- **To do**: For each line of the data below that holds "Onboard", copy the line.

- **Records for processing**:
════════════════════
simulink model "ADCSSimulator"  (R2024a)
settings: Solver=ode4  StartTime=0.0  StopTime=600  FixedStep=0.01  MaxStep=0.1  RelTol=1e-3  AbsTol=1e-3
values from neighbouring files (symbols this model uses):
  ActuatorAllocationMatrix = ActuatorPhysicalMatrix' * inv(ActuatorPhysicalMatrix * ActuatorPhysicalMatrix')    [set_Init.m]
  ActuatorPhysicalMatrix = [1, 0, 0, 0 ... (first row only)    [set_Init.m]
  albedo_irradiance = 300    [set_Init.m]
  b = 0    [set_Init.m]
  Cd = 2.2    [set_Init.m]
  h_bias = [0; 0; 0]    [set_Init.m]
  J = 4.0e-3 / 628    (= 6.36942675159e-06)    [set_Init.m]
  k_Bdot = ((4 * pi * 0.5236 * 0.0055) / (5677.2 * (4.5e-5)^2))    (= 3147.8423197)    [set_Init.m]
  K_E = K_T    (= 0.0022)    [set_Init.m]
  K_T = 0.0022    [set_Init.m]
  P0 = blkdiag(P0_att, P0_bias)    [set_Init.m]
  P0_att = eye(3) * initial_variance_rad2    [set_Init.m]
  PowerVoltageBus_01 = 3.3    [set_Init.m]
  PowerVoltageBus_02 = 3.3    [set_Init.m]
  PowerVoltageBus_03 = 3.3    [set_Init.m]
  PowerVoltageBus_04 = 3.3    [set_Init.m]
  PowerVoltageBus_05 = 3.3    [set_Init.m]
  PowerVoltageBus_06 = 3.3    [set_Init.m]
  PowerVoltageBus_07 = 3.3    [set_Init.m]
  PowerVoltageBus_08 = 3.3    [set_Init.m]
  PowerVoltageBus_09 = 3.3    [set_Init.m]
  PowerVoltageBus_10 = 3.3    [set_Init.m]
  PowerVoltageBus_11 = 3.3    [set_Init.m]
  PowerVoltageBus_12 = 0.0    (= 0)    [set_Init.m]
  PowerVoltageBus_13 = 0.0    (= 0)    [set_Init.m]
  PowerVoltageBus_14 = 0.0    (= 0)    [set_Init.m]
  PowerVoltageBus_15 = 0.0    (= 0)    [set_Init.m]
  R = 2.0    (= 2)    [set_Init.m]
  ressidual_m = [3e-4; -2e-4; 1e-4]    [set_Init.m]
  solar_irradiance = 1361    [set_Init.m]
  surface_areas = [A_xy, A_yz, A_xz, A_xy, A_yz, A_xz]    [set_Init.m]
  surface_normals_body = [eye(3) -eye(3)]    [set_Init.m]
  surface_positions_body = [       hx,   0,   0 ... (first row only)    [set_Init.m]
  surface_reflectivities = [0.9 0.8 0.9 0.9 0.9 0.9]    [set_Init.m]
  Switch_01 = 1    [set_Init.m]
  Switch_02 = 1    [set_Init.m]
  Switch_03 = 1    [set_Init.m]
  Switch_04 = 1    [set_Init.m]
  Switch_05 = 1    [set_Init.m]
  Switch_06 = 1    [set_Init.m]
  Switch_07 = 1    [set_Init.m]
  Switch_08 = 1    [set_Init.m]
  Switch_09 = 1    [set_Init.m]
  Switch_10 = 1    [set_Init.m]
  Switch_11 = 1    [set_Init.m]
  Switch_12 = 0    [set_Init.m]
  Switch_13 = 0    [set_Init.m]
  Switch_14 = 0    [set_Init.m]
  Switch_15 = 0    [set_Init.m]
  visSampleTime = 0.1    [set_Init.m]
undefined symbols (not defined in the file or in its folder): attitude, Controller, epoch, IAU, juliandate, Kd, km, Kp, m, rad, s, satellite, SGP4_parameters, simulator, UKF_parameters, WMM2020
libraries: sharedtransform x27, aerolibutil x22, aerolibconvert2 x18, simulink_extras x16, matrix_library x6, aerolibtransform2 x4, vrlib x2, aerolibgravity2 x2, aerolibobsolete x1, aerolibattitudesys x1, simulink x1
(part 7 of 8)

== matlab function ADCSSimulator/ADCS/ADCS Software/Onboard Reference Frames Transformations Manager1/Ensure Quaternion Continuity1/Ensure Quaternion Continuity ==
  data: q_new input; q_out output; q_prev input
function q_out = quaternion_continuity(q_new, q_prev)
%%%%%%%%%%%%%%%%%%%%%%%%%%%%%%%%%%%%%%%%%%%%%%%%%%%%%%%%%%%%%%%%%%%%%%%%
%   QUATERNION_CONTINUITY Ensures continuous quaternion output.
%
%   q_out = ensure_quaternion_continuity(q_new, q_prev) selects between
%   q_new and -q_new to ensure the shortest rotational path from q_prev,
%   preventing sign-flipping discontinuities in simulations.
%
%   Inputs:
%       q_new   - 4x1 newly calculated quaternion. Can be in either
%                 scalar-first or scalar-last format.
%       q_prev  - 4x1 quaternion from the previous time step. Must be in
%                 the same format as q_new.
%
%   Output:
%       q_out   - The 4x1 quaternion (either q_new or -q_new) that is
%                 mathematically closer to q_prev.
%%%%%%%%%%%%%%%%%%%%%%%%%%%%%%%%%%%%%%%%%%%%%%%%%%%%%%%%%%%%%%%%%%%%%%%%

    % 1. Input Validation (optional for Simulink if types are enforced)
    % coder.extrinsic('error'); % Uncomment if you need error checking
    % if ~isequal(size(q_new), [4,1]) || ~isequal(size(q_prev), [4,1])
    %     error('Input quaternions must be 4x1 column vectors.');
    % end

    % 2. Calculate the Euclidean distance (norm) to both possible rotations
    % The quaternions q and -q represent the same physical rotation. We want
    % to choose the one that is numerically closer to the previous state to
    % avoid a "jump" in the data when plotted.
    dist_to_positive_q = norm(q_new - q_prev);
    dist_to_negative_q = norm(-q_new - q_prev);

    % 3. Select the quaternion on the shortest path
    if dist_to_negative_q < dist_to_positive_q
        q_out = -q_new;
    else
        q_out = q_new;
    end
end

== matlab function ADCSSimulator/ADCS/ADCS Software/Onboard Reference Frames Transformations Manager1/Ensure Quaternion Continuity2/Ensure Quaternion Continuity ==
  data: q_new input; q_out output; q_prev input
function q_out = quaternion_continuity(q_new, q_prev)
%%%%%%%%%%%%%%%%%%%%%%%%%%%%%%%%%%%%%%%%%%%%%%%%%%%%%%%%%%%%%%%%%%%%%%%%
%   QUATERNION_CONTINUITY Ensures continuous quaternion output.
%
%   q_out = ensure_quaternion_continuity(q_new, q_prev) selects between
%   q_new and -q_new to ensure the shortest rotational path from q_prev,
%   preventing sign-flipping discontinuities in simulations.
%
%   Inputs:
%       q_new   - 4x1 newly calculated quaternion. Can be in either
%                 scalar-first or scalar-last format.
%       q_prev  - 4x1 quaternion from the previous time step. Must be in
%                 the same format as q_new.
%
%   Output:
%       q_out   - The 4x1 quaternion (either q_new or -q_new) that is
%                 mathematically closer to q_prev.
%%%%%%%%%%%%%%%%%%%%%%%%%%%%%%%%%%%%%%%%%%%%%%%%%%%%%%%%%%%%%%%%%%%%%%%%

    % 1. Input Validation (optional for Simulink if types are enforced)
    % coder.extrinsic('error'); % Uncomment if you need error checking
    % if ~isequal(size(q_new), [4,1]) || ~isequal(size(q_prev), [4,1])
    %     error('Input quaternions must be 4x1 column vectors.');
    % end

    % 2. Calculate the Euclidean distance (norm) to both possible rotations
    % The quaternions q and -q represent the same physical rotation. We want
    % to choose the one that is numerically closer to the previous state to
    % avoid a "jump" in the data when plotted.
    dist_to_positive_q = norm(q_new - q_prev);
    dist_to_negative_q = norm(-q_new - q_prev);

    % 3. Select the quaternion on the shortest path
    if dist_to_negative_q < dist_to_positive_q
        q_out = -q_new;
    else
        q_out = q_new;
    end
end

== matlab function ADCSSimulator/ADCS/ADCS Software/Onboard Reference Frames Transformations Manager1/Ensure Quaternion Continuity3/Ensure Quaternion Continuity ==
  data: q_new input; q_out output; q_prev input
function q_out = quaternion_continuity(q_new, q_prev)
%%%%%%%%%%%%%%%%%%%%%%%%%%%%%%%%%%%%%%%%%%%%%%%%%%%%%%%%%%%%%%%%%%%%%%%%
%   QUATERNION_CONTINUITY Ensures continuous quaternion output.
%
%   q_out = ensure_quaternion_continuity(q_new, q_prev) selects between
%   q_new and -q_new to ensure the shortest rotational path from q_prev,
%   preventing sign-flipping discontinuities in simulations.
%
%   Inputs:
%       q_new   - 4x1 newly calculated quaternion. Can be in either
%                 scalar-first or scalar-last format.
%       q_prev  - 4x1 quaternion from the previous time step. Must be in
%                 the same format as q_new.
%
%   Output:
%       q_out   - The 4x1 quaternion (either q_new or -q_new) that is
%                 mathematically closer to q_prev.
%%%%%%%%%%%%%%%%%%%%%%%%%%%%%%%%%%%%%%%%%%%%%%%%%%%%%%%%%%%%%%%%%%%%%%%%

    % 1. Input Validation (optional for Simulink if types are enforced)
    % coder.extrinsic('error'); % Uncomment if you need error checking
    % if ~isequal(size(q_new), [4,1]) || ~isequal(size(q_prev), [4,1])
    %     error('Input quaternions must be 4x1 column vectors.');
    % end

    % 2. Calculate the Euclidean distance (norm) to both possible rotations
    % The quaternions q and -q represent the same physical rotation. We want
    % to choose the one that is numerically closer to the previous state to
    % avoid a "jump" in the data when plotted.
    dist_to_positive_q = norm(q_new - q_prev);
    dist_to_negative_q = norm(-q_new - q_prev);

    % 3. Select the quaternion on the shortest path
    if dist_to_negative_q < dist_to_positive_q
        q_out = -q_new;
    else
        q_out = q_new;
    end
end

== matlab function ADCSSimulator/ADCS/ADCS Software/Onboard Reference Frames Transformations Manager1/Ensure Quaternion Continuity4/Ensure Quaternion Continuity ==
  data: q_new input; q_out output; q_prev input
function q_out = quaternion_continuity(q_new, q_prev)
════════════════════
- **Solved problem**:
== matlab function ADCSSimulator/ADCS/ADCS Software/Onboard Reference Frames Transformations Manager1/Ensure Quaternion Continuity1/Ensure Quaternion Continuity ==
== matlab function ADCSSimulator/ADCS/ADCS Software/Onboard Reference Frames Transformations Manager1/Ensure Quaternion Continuity2/Ensure Quaternion Continuity ==
== matlab function ADCSSimulator/ADCS/ADCS Software/Onboard Reference Frames Transformations Manager1/Ensure Quaternion Continuity3/Ensure Quaternion Continuity ==
== matlab function ADCSSimulator/ADCS/ADCS Software/Onboard Reference Frames Transformations Manager1/Ensure Quaternion Continuity4/Ensure Quaternion Continuity ==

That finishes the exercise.